Andımız, işte bu millet bilinciyle, Türk çocuklarına güven aşılayan bir kimlik beyanıyla başlar: “Türküm!” Ardından “yurdu ve milleti özünden çok sevmeyi” öğütler. Burada milleti millet yapan bir felsefe vardır. “Varlığım Türk varlığına armağan olsun” sözü, Türk vatanının ve milletinin bütün tehditlere rağmen bugüne kadar ayakta kalmasının sırrıdır.

Bugün ülkemizin her karışını koruyan Mehmetçiğin düşmanın üzerine gözü kara bir şekilde gitmesini sağlayan maneviyatı, operasyona giden bir dağ komandosunun sözlerinden daha güzel hiçbir şey anlatamaz: “Biz yedi yaşında yağmurun altında titreyerek ‘varlığım Türk varlığına armağan olsun’ derken şaka yapmıyorduk. Bunu herkes böyle bilsin. İnşallah kimsenin yüzünü kara çıkarmayacağız.” O kanal benim, bu kanal senin gezen ve ne uzmanı olduğu bilinmeyen kifayetsiz iktidar yandaşlarının “çocukları sabahın köründe, soğukta ne diye dikiyorsunuz” feryadına en güzel cevap da, komandomuzun bu sözleridir.

ATATÜRK BİR MECBURİYETTİR

1970’lerde Andımız’a eklenen “ey Büyük Atatürk, açtığın yolda gösterdiğin hedefe yürüyeceğime ant içerim” ifadesinin haklılığı başka hiçbir şekilde değilse, 15 Temmuz gecesi ortaya çıkmıştır. Yıllardır “ideolojik olduğu” gibi gerekçelerle Atatürk’ün fikirlerini müfredatlardan silmeye çalışanlar bile, Türkiye bir Amerikancı darbeyle karşı karşıya kaldığında genel merkezlerine Atatürk’ün büyük resmini asmışlardır. Çünkü zor zamanlarda milletimiz, Türk bayrağının yanı sıra, Atatürk’ün etrafında birleşir. Türkiye’yi çevreleyen emperyalist kuşatma, O’nun açtığı yolda, gösterdiği hedefe ilerleyerek yarılabilir.

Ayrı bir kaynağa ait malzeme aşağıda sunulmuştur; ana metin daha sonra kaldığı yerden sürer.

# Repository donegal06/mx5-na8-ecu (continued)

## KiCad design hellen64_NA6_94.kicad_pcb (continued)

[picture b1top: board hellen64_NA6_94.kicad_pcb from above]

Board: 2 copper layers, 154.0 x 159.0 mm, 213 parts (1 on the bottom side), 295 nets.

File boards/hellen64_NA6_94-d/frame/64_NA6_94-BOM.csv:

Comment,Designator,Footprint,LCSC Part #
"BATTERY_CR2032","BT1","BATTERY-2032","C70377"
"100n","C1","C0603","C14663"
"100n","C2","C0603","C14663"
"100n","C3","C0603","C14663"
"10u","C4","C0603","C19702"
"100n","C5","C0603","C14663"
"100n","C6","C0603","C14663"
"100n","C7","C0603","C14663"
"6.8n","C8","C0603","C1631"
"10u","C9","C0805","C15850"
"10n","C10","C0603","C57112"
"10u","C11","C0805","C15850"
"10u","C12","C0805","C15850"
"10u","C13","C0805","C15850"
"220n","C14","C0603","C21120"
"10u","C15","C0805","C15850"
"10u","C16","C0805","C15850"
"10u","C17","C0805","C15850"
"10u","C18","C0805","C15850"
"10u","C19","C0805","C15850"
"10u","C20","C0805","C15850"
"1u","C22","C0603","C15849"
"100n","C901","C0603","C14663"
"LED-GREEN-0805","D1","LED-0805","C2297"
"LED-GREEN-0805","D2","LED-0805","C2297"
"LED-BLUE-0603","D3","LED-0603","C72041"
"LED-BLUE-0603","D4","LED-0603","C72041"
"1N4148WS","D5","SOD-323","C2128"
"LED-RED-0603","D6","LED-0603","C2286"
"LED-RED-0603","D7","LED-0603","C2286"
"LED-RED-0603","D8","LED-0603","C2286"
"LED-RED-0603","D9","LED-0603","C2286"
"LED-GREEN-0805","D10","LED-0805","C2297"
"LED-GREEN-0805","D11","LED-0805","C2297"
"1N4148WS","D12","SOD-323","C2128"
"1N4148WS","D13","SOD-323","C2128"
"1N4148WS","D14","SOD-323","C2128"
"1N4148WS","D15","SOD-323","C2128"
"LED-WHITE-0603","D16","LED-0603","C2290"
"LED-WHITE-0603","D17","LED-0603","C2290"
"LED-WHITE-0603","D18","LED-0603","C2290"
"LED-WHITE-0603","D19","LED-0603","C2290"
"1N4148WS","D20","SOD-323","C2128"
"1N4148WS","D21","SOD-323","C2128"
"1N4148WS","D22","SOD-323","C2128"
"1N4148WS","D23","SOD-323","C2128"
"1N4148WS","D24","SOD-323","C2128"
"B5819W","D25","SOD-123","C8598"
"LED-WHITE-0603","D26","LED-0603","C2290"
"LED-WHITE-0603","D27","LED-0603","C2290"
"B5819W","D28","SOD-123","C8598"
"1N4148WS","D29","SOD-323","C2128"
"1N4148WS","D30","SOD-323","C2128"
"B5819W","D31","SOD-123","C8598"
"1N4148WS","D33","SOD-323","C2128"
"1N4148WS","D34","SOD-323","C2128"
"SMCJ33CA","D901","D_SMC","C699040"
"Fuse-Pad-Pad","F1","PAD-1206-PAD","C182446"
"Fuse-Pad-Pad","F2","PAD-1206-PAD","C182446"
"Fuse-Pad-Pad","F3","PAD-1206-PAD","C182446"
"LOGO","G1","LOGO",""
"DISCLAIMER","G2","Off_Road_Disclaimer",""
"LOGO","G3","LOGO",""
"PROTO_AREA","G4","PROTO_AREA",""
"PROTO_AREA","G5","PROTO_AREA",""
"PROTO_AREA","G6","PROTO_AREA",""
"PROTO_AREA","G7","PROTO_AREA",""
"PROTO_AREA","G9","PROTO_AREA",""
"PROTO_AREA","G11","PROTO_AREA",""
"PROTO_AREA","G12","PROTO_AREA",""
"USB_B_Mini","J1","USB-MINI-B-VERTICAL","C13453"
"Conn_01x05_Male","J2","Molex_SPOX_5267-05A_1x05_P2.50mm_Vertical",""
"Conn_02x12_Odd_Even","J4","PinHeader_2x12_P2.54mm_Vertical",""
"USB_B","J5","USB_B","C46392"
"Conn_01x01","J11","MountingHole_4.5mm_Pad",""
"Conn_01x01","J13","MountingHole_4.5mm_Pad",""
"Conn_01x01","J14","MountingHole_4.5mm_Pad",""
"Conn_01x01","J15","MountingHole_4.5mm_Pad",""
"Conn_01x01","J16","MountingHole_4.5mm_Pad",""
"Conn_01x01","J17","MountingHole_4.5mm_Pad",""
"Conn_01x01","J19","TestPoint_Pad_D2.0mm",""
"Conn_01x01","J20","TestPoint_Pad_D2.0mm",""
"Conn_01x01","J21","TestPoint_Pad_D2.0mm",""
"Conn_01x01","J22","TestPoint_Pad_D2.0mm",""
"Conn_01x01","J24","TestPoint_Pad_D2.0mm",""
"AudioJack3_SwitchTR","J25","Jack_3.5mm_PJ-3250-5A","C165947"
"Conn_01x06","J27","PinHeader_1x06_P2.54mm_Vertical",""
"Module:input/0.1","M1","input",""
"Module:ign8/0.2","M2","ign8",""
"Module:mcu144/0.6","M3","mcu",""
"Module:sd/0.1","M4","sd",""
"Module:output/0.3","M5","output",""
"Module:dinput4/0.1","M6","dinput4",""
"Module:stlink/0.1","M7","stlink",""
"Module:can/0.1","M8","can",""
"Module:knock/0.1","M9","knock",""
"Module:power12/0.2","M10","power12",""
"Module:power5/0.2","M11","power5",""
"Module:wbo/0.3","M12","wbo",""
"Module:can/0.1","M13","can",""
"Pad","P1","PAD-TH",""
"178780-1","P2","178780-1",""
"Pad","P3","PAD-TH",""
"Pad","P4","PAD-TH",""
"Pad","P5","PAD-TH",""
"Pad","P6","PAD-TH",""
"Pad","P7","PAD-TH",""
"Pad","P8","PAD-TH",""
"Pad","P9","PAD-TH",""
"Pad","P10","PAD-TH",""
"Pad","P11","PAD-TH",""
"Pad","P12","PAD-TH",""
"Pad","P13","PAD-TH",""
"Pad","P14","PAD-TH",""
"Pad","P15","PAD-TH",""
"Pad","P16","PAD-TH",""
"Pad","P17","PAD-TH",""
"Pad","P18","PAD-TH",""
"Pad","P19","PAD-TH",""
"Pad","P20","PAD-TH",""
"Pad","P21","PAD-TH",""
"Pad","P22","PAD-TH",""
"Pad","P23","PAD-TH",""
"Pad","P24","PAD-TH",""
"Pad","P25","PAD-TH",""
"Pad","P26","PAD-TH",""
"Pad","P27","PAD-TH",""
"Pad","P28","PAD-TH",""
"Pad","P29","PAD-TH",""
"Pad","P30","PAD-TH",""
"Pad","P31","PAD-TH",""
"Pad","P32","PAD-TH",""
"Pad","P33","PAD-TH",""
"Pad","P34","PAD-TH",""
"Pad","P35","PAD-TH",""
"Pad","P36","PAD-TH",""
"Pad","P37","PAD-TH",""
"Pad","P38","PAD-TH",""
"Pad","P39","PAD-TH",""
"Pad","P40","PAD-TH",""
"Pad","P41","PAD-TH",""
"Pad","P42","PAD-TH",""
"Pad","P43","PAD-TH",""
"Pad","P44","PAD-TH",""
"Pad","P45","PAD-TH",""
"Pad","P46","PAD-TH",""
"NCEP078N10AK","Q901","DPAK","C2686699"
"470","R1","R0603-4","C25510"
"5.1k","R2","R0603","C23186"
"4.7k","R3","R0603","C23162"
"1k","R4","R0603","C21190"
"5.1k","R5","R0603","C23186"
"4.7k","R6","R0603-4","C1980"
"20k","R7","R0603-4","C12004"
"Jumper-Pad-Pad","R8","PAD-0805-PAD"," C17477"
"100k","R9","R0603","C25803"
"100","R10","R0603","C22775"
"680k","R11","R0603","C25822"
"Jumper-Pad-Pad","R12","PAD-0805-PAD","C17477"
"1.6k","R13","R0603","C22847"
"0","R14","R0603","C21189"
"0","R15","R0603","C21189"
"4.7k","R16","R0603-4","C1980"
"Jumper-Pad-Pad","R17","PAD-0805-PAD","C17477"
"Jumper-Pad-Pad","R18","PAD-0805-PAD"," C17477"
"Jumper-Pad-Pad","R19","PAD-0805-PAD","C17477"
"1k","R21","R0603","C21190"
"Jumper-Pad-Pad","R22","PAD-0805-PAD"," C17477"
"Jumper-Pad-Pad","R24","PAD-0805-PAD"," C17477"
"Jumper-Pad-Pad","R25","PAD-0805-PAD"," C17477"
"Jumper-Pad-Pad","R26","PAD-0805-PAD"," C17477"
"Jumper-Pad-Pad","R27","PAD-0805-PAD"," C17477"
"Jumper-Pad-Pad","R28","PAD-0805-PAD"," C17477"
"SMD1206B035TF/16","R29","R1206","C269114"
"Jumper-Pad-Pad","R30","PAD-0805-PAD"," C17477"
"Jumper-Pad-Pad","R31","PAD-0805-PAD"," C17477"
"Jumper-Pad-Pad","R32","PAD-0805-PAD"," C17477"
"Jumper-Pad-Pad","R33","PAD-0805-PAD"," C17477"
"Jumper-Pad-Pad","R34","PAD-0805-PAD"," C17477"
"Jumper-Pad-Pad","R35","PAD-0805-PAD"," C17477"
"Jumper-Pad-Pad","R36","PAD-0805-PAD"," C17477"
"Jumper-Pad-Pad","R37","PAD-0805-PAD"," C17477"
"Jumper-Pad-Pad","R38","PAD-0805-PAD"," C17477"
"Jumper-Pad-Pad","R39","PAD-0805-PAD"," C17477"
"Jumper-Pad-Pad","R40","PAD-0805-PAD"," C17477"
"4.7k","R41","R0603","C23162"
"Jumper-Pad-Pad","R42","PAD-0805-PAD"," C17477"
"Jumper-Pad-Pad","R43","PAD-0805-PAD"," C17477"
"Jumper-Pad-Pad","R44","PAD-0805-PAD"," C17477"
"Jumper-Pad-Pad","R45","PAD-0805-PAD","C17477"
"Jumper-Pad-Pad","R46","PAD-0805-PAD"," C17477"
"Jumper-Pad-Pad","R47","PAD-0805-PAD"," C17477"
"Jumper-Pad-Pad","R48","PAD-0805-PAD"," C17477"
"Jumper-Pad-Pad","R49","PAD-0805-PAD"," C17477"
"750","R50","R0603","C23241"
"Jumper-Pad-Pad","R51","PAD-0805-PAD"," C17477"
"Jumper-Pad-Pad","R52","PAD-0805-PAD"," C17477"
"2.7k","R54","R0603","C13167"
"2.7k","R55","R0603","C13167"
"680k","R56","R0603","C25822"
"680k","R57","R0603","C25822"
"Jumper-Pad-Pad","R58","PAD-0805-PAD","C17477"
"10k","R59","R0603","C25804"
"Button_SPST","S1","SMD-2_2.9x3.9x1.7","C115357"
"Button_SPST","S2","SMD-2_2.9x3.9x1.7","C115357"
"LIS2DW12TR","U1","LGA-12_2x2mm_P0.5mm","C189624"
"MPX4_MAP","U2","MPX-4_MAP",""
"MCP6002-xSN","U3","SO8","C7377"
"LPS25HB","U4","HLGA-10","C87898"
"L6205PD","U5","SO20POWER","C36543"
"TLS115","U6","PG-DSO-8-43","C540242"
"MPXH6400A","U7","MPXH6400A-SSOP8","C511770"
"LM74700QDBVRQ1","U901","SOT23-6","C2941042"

Andımız, bu açıdan da milletin yaşamsal ihtiyacına cevap vermektedir. İkinci Kurtuluş Savaşı’nı kazanmak için Atatürk’te birleşmek bir tercih değil, mecburiyettir. Memleket yaşayacaksa, ülkemiz yükselecekse, bunun en büyük teminatı Atatürk’ün çizdiği bağımsız ve halkçı rotada, “muasır medeniyetler seviyesinin ilerisini” hedefleyen gençlerin yetişmesidir.

Bu Milletin Bir Adı Var

Cumhurbaşkanı Erdoğan, AKP grup toplantısında “Türküm” ifadesinin ırkçılık anlamına geleceğini buyurdu. Biz çocuklarımıza “Türküm” demeyi öğretirsek birileri de çıkıp “Kürdüm” demeyi öğretirmiş. Doğrudur; Açılım süreçleriyle Doğu’yu PKK’ya, kamu kurumlarını tarikatler ağına teslim ederseniz birileri de çıkıp “Türküm” yerine etnik kimlikleri, mezhepsel aidiyetleri koyacaktır. Bunun adı Yeni Ortaçağ’dır, bunun adı Büyük Ortadoğu Projesi’dir ve emperyalizmin kendisine direnen milli devletleri çökertme planıdır.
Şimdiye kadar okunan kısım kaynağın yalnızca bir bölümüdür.